[Records from a collection]
- - -
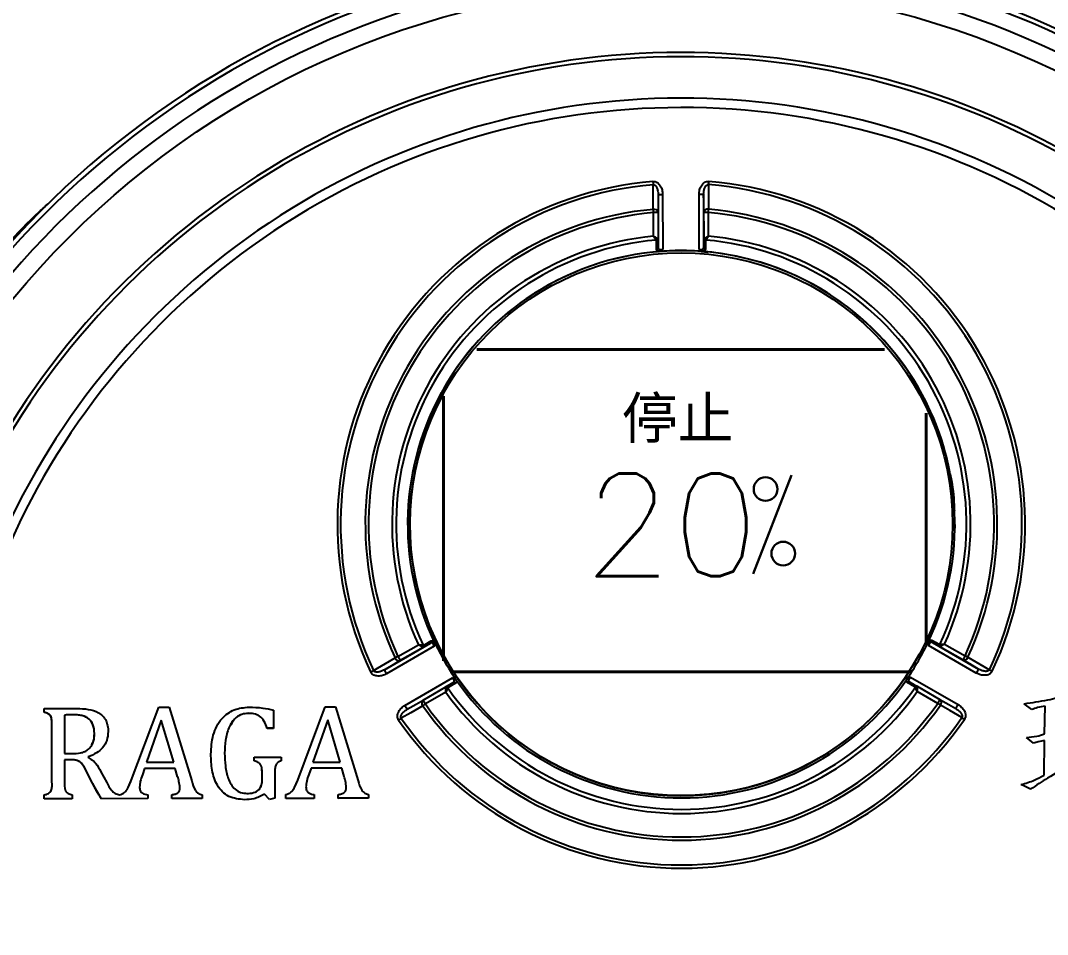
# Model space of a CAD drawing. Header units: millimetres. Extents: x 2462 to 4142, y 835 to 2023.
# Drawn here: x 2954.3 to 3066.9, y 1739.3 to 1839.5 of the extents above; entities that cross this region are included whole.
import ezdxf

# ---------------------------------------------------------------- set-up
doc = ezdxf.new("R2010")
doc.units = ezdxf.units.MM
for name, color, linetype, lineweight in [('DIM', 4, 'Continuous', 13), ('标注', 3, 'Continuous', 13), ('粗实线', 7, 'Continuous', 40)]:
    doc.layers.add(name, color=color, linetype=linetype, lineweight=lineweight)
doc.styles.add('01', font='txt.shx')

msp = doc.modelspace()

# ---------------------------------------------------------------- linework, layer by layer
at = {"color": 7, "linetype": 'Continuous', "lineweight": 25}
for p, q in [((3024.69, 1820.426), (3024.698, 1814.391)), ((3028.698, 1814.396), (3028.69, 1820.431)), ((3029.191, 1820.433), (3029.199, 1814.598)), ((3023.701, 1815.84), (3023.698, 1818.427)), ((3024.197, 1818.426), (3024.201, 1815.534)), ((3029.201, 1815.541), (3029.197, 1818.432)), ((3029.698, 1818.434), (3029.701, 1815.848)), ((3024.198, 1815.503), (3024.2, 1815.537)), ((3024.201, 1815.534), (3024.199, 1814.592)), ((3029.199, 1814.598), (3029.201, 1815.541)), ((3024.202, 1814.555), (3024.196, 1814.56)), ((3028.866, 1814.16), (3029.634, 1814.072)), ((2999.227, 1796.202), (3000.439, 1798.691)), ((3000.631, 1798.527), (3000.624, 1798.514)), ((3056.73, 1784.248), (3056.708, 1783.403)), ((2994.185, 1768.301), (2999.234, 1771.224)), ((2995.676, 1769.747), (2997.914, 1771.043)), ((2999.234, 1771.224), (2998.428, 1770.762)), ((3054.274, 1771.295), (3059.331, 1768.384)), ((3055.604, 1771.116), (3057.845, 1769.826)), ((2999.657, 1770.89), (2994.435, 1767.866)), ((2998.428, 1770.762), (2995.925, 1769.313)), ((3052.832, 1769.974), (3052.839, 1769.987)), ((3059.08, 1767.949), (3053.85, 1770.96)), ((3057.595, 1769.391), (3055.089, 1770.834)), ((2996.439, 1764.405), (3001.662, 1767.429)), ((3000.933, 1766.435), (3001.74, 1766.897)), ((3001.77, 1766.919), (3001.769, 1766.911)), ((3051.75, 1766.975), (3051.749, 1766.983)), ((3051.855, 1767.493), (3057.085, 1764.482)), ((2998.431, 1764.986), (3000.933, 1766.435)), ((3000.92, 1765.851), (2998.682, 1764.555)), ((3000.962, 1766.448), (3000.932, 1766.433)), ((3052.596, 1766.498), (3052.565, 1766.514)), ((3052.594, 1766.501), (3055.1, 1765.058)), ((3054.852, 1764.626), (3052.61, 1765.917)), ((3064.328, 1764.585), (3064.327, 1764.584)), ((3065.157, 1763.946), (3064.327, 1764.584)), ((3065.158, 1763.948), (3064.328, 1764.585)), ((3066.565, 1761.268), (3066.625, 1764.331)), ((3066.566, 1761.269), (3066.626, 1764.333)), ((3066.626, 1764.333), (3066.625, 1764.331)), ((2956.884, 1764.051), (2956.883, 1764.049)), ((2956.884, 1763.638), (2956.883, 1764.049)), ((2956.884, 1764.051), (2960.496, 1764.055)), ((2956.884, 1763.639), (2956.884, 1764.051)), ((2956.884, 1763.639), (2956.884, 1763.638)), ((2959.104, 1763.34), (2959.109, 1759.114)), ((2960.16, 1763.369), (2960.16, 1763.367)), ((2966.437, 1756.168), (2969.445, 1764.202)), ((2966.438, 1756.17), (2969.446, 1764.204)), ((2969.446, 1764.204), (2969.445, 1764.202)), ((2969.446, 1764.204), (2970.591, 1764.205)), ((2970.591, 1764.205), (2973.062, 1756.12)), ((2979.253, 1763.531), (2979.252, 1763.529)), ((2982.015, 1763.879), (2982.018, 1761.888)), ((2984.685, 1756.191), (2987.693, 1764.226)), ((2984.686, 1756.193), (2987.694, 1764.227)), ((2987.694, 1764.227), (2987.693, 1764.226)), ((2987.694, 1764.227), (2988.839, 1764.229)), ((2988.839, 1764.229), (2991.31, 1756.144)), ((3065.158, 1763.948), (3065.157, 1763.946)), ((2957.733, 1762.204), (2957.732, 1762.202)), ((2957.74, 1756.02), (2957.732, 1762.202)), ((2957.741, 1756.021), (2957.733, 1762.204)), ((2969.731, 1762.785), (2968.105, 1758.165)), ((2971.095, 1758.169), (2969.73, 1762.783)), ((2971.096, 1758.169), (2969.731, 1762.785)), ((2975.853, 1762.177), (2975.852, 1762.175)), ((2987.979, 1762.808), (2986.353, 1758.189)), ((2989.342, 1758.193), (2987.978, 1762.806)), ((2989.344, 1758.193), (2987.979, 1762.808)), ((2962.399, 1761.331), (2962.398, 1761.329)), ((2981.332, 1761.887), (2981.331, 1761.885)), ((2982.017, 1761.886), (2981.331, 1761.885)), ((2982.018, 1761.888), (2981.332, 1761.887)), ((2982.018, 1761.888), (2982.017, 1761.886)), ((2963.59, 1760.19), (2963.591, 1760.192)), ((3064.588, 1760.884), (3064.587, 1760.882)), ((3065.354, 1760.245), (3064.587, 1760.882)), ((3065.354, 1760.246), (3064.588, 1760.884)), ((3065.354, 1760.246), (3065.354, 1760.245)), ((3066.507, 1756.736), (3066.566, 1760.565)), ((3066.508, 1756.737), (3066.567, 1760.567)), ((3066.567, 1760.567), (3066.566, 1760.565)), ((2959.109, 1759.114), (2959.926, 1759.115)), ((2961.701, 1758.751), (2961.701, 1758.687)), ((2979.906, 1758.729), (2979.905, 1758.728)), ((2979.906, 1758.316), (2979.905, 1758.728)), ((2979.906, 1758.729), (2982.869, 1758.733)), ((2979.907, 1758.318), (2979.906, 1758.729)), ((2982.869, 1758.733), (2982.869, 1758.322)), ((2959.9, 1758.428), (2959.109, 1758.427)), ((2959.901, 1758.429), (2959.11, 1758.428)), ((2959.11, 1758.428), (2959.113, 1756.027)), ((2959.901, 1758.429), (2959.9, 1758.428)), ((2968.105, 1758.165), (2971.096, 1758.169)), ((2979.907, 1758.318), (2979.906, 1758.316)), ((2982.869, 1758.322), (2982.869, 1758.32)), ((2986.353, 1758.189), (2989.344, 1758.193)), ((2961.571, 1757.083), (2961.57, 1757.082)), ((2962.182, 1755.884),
- - -
**DIRECTIONS**. In your copy, every entry above must match word for word, and no picture may appear.

**SOLUTION TO THE EXERCISE**.
# Model space of a CAD drawing. Header units: millimetres. Extents: x 2462 to 4142, y 835 to 2023.
# Drawn here: x 2954.3 to 3066.9, y 1739.3 to 1839.5 of the extents above; entities that cross this region are included whole.
import ezdxf

# ---------------------------------------------------------------- set-up
doc = ezdxf.new("R2010")
doc.units = ezdxf.units.MM
for name, color, linetype, lineweight in [('DIM', 4, 'Continuous', 13), ('标注', 3, 'Continuous', 13), ('粗实线', 7, 'Continuous', 40)]:
    doc.layers.add(name, color=color, linetype=linetype, lineweight=lineweight)
doc.styles.add('01', font='txt.shx')

msp = doc.modelspace()

# ---------------------------------------------------------------- linework, layer by layer
at = {"color": 7, "linetype": 'Continuous', "lineweight": 25}
for p, q in [((3024.69, 1820.426), (3024.698, 1814.391)), ((3028.698, 1814.396), (3028.69, 1820.431)), ((3029.191, 1820.433), (3029.199, 1814.598)), ((3023.701, 1815.84), (3023.698, 1818.427)), ((3024.197, 1818.426), (3024.201, 1815.534)), ((3029.201, 1815.541), (3029.197, 1818.432)), ((3029.698, 1818.434), (3029.701, 1815.848)), ((3024.198, 1815.503), (3024.2, 1815.537)), ((3024.201, 1815.534), (3024.199, 1814.592)), ((3029.199, 1814.598), (3029.201, 1815.541)), ((3024.202, 1814.555), (3024.196, 1814.56)), ((3028.866, 1814.16), (3029.634, 1814.072)), ((2999.227, 1796.202), (3000.439, 1798.691)), ((3000.631, 1798.527), (3000.624, 1798.514)), ((3056.73, 1784.248), (3056.708, 1783.403)), ((2994.185, 1768.301), (2999.234, 1771.224)), ((2995.676, 1769.747), (2997.914, 1771.043)), ((2999.234, 1771.224), (2998.428, 1770.762)), ((3054.274, 1771.295), (3059.331, 1768.384)), ((3055.604, 1771.116), (3057.845, 1769.826)), ((2999.657, 1770.89), (2994.435, 1767.866)), ((2998.428, 1770.762), (2995.925, 1769.313)), ((3052.832, 1769.974), (3052.839, 1769.987)), ((3059.08, 1767.949), (3053.85, 1770.96)), ((3057.595, 1769.391), (3055.089, 1770.834)), ((2996.439, 1764.405), (3001.662, 1767.429)), ((3000.933, 1766.435), (3001.74, 1766.897)), ((3001.77, 1766.919), (3001.769, 1766.911)), ((3051.75, 1766.975), (3051.749, 1766.983)), ((3051.855, 1767.493), (3057.085, 1764.482)), ((2998.431, 1764.986), (3000.933, 1766.435)), ((3000.92, 1765.851), (2998.682, 1764.555)), ((3000.962, 1766.448), (3000.932, 1766.433)), ((3052.596, 1766.498), (3052.565, 1766.514)), ((3052.594, 1766.501), (3055.1, 1765.058)), ((3054.852, 1764.626), (3052.61, 1765.917)), ((3064.328, 1764.585), (3064.327, 1764.584)), ((3065.157, 1763.946), (3064.327, 1764.584)), ((3065.158, 1763.948), (3064.328, 1764.585)), ((3066.565, 1761.268), (3066.625, 1764.331)), ((3066.566, 1761.269), (3066.626, 1764.333)), ((3066.626, 1764.333), (3066.625, 1764.331)), ((2956.884, 1764.051), (2956.883, 1764.049)), ((2956.884, 1763.638), (2956.883, 1764.049)), ((2956.884, 1764.051), (2960.496, 1764.055)), ((2956.884, 1763.639), (2956.884, 1764.051)), ((2956.884, 1763.639), (2956.884, 1763.638)), ((2959.104, 1763.34), (2959.109, 1759.114)), ((2960.16, 1763.369), (2960.16, 1763.367)), ((2966.437, 1756.168), (2969.445, 1764.202)), ((2966.438, 1756.17), (2969.446, 1764.204)), ((2969.446, 1764.204), (2969.445, 1764.202)), ((2969.446, 1764.204), (2970.591, 1764.205)), ((2970.591, 1764.205), (2973.062, 1756.12)), ((2979.253, 1763.531), (2979.252, 1763.529)), ((2982.015, 1763.879), (2982.018, 1761.888)), ((2984.685, 1756.191), (2987.693, 1764.226)), ((2984.686, 1756.193), (2987.694, 1764.227)), ((2987.694, 1764.227), (2987.693, 1764.226)), ((2987.694, 1764.227), (2988.839, 1764.229)), ((2988.839, 1764.229), (2991.31, 1756.144)), ((3065.158, 1763.948), (3065.157, 1763.946)), ((2957.733, 1762.204), (2957.732, 1762.202)), ((2957.74, 1756.02), (2957.732, 1762.202)), ((2957.741, 1756.021), (2957.733, 1762.204)), ((2969.731, 1762.785), (2968.105, 1758.165)), ((2971.095, 1758.169), (2969.73, 1762.783)), ((2971.096, 1758.169), (2969.731, 1762.785)), ((2975.853, 1762.177), (2975.852, 1762.175)), ((2987.979, 1762.808), (2986.353, 1758.189)), ((2989.342, 1758.193), (2987.978, 1762.806)), ((2989.344, 1758.193), (2987.979, 1762.808)), ((2962.399, 1761.331), (2962.398, 1761.329)), ((2981.332, 1761.887), (2981.331, 1761.885)), ((2982.017, 1761.886), (2981.331, 1761.885)), ((2982.018, 1761.888), (2981.332, 1761.887)), ((2982.018, 1761.888), (2982.017, 1761.886)), ((2963.59, 1760.19), (2963.591, 1760.192)), ((3064.588, 1760.884), (3064.587, 1760.882)), ((3065.354, 1760.245), (3064.587, 1760.882)), ((3065.354, 1760.246), (3064.588, 1760.884)), ((3065.354, 1760.246), (3065.354, 1760.245)), ((3066.507, 1756.736), (3066.566, 1760.565)), ((3066.508, 1756.737), (3066.567, 1760.567)), ((3066.567, 1760.567), (3066.566, 1760.565)), ((2959.109, 1759.114), (2959.926, 1759.115)), ((2961.701, 1758.751), (2961.701, 1758.687)), ((2979.906, 1758.729), (2979.905, 1758.728)), ((2979.906, 1758.316), (2979.905, 1758.728)), ((2979.906, 1758.729), (2982.869, 1758.733)), ((2979.907, 1758.318), (2979.906, 1758.729)), ((2982.869, 1758.733), (2982.869, 1758.322)), ((2959.9, 1758.428), (2959.109, 1758.427)), ((2959.901, 1758.429), (2959.11, 1758.428)), ((2959.11, 1758.428), (2959.113, 1756.027)), ((2959.901, 1758.429), (2959.9, 1758.428)), ((2968.105, 1758.165), (2971.096, 1758.169)), ((2979.907, 1758.318), (2979.906, 1758.316)), ((2982.869, 1758.322), (2982.869, 1758.32)), ((2986.353, 1758.189), (2989.344, 1758.193)), ((2961.571, 1757.083), (2961.57, 1757.082)), ((2962.182, 1755.884),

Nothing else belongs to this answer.